- Exercise aim
Read the listing and extract each line that includes the word "Generator".

- Material provided

☆ ☆ ☆ ☆ ☆

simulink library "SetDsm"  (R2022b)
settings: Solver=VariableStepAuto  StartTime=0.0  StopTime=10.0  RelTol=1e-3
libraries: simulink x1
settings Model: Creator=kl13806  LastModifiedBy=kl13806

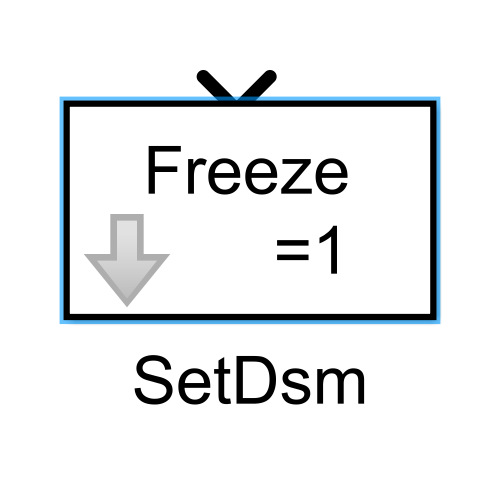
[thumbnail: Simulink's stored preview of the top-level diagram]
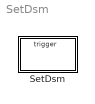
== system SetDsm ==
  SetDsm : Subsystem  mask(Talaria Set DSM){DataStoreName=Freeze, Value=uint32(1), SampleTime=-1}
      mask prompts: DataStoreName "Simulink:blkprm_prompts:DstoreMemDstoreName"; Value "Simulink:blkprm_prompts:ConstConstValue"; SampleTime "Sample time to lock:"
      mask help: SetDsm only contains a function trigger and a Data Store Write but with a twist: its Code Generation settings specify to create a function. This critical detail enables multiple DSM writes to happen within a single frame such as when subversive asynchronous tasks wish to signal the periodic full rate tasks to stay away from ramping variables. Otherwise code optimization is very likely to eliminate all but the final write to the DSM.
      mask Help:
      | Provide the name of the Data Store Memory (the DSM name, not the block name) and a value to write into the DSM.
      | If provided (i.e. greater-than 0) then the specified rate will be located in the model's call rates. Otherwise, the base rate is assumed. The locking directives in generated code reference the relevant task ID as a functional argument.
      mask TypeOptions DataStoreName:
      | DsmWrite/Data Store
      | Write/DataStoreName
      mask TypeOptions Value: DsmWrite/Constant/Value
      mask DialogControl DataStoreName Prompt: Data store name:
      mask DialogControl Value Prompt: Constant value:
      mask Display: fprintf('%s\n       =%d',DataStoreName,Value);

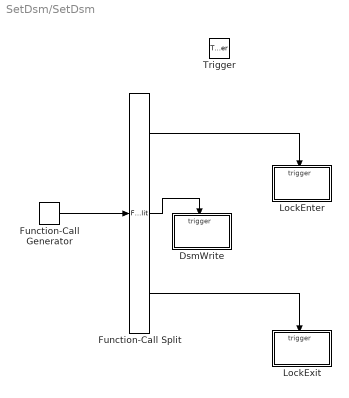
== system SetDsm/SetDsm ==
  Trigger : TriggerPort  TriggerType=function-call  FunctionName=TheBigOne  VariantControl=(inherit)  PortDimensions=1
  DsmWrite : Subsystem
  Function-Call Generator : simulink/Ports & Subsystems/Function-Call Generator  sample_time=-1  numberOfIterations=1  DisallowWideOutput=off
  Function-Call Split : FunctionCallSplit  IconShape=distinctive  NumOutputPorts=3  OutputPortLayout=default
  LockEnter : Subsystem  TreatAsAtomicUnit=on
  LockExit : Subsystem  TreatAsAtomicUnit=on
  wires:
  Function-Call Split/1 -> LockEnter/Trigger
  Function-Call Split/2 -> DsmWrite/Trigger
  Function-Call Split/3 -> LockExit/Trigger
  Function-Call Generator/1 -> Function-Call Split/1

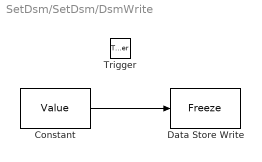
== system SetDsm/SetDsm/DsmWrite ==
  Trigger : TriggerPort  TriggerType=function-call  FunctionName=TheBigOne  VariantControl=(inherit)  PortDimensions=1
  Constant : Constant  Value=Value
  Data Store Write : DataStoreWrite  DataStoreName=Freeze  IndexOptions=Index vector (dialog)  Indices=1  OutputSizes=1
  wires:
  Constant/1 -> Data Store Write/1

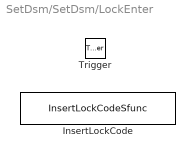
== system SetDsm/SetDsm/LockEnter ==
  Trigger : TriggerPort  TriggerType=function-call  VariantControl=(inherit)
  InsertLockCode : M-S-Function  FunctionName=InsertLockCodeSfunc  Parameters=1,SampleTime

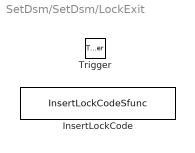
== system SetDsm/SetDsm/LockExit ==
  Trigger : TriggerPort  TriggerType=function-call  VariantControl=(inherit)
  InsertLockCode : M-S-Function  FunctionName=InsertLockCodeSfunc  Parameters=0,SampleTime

☆ ☆ ☆ ☆ ☆

- Reply to the exercise
  Function-Call Generator : simulink/Ports & Subsystems/Function-Call Generator  sample_time=-1  numberOfIterations=1  DisallowWideOutput=off
  Function-Call Generator/1 -> Function-Call Split/1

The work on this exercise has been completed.